(Stored data entries)
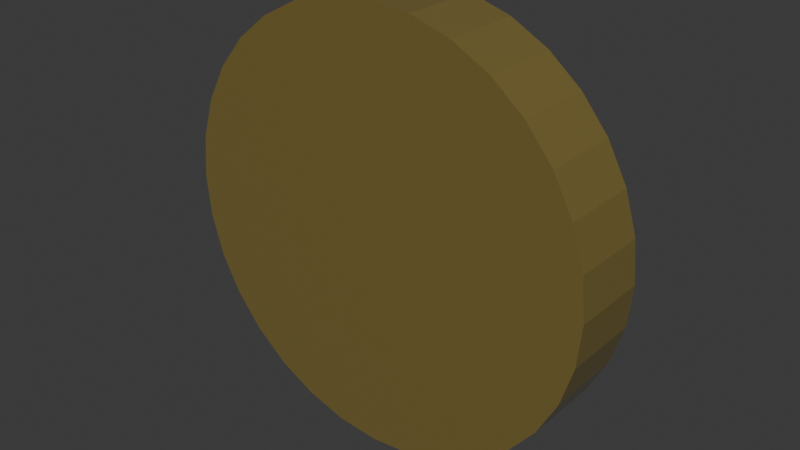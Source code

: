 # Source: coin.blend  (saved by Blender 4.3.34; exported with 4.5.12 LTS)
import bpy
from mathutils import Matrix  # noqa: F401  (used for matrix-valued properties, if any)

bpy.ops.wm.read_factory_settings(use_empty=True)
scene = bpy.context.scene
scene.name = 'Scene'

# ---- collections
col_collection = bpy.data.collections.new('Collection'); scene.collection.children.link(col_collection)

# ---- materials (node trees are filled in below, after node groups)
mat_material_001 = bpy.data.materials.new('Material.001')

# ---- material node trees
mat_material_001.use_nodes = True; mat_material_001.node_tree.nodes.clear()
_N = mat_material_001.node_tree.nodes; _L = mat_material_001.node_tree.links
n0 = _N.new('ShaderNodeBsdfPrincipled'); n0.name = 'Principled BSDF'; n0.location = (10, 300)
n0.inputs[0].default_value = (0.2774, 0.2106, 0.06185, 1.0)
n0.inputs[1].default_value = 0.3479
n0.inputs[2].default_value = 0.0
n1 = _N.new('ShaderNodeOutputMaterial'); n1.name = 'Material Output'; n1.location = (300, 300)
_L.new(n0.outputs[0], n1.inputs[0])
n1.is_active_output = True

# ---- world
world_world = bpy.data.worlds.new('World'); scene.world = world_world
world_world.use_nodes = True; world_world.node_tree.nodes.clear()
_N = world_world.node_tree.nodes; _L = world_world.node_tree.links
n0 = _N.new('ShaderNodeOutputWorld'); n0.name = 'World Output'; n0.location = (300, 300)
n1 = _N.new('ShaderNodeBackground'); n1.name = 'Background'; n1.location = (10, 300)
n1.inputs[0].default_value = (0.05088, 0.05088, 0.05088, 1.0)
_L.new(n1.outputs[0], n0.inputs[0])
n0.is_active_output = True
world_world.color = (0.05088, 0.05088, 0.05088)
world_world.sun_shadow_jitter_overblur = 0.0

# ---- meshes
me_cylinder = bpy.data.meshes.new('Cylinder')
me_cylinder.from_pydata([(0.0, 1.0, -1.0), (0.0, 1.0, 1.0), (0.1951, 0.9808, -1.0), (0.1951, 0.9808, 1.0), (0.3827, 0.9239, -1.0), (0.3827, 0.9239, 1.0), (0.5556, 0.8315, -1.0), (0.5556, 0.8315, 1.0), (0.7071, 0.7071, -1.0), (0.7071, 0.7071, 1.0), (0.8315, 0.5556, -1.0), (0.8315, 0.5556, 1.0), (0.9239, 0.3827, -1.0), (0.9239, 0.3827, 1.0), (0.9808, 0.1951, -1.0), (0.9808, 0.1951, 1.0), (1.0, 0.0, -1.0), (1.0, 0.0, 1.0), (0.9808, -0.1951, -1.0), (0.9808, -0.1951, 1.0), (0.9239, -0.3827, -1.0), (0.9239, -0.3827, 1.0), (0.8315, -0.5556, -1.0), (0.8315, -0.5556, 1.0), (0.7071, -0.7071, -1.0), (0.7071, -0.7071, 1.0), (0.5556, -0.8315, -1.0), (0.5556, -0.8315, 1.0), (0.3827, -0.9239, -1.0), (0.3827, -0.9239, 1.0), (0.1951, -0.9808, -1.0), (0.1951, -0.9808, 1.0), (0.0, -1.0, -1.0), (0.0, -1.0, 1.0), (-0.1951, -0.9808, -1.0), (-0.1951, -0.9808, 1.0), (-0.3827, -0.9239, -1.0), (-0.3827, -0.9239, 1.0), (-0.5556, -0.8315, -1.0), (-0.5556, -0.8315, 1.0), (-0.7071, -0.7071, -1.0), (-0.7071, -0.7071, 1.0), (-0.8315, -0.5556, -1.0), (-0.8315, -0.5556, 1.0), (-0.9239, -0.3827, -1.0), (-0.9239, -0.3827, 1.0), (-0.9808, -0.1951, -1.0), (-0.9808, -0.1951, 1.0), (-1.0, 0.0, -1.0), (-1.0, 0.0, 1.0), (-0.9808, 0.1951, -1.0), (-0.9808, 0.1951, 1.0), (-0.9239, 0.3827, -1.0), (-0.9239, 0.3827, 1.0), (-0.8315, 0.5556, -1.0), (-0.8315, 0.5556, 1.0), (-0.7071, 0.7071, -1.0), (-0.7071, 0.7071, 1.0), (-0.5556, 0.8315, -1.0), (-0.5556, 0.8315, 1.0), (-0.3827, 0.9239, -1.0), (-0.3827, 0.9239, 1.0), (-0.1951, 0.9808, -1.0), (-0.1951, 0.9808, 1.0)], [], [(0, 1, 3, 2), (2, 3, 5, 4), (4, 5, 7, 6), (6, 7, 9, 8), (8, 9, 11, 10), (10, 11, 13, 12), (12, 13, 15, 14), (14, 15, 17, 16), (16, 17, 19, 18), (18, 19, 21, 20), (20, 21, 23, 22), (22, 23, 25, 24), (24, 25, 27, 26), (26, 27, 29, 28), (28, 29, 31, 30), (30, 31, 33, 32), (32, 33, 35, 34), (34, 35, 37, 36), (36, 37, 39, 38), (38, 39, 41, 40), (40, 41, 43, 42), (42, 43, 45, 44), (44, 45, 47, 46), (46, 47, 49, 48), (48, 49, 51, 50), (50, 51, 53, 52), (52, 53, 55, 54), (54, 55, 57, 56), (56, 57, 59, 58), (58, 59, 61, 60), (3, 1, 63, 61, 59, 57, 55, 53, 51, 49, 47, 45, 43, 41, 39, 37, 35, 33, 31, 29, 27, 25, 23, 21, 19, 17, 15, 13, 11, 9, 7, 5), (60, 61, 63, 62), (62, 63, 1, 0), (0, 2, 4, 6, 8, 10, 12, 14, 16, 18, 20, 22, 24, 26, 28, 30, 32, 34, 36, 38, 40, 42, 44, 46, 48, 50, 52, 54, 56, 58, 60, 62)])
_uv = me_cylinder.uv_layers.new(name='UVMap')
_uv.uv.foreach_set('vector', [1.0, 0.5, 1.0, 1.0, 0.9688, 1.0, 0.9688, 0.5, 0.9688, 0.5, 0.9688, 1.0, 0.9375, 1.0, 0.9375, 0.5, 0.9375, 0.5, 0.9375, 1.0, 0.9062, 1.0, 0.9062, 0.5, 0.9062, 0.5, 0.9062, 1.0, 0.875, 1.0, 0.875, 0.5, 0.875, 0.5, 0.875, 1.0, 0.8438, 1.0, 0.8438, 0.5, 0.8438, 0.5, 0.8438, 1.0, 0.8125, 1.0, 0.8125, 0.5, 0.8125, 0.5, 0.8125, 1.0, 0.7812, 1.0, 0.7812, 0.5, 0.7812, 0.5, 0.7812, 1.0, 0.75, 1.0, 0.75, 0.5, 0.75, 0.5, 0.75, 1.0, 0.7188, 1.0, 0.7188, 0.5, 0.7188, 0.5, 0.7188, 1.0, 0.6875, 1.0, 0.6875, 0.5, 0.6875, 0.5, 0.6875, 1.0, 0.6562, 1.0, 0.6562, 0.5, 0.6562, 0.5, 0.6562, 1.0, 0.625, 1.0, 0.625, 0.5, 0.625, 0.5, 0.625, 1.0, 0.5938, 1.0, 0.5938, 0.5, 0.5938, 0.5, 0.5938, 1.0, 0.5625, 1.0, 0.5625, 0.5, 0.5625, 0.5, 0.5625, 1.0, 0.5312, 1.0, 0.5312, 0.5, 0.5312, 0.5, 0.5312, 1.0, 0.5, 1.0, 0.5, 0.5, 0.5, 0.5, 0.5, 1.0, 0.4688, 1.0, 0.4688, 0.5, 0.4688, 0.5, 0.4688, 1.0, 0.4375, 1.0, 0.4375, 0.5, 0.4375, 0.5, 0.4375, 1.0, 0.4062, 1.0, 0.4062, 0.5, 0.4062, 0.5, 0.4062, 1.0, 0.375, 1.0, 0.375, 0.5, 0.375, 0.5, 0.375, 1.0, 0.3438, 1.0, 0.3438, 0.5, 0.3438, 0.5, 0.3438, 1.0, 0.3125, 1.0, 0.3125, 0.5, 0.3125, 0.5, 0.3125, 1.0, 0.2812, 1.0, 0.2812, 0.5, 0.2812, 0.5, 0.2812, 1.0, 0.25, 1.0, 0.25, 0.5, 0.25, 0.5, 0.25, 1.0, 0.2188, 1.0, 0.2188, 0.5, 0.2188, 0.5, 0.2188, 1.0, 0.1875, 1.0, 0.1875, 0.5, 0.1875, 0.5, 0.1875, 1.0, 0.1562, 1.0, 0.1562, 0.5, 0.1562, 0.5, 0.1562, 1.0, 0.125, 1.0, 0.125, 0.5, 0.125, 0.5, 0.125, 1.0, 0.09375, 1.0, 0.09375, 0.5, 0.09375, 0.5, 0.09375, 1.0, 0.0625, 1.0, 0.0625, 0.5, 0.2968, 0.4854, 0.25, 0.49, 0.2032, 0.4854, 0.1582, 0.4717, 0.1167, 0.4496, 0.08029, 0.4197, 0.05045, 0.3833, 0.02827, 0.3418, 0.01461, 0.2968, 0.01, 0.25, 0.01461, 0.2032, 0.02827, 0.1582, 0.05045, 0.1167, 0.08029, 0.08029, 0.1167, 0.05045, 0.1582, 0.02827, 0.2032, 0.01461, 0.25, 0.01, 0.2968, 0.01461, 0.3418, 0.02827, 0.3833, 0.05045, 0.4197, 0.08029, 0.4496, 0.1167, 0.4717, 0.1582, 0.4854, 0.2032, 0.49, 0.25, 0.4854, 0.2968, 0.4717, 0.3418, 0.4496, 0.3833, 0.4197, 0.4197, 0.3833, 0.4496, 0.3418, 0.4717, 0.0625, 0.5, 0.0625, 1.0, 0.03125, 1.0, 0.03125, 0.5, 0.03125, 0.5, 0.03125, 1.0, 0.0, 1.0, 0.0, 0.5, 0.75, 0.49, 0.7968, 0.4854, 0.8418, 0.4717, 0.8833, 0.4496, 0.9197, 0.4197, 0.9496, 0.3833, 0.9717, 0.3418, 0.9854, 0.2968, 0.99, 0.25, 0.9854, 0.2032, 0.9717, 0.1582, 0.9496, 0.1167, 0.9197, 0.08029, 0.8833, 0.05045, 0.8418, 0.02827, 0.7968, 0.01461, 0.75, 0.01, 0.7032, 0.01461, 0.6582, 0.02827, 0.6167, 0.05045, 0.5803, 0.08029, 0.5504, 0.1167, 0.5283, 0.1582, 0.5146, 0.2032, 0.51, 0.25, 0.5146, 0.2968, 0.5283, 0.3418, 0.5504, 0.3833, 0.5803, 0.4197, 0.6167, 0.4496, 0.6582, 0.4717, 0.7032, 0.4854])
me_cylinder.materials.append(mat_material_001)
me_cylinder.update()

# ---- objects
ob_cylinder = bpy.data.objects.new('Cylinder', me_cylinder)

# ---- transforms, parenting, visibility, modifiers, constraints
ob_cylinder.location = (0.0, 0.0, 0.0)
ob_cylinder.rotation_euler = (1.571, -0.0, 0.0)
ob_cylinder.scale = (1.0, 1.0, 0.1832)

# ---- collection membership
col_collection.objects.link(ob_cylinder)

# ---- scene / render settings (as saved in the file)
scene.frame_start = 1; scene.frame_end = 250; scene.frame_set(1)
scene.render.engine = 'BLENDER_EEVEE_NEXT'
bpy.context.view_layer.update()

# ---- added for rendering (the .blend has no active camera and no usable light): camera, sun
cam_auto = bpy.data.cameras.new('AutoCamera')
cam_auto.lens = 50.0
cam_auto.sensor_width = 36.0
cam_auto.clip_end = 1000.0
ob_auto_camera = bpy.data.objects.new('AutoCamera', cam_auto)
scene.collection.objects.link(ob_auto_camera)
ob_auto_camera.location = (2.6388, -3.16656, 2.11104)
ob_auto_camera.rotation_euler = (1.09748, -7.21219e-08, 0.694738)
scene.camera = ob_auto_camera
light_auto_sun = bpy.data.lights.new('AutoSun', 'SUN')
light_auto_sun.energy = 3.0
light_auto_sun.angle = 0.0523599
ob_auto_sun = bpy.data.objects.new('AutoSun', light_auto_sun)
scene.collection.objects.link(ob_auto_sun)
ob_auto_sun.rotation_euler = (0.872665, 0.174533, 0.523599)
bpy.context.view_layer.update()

Work task =
With pictures removed, write out exactly each line of the entries from the first through the line that holds "# ---- material node trees".

Solution for this exercise =
Source code

: # Source: coin.blend  (saved by Blender 4.3.34; exported with 4.5.12 LTS)
import bpy
from mathutils import Matrix  # noqa: F401  (used for matrix-valued properties, if any)

bpy.ops.wm.read_factory_settings(use_empty=True)
scene = bpy.context.scene
scene.name = 'Scene'

# ---- collections
col_collection = bpy.data.collections.new('Collection'); scene.collection.children.link(col_collection)

# ---- materials (node trees are filled in below, after node groups)
mat_material_001 = bpy.data.materials.new('Material.001')

# ---- material node trees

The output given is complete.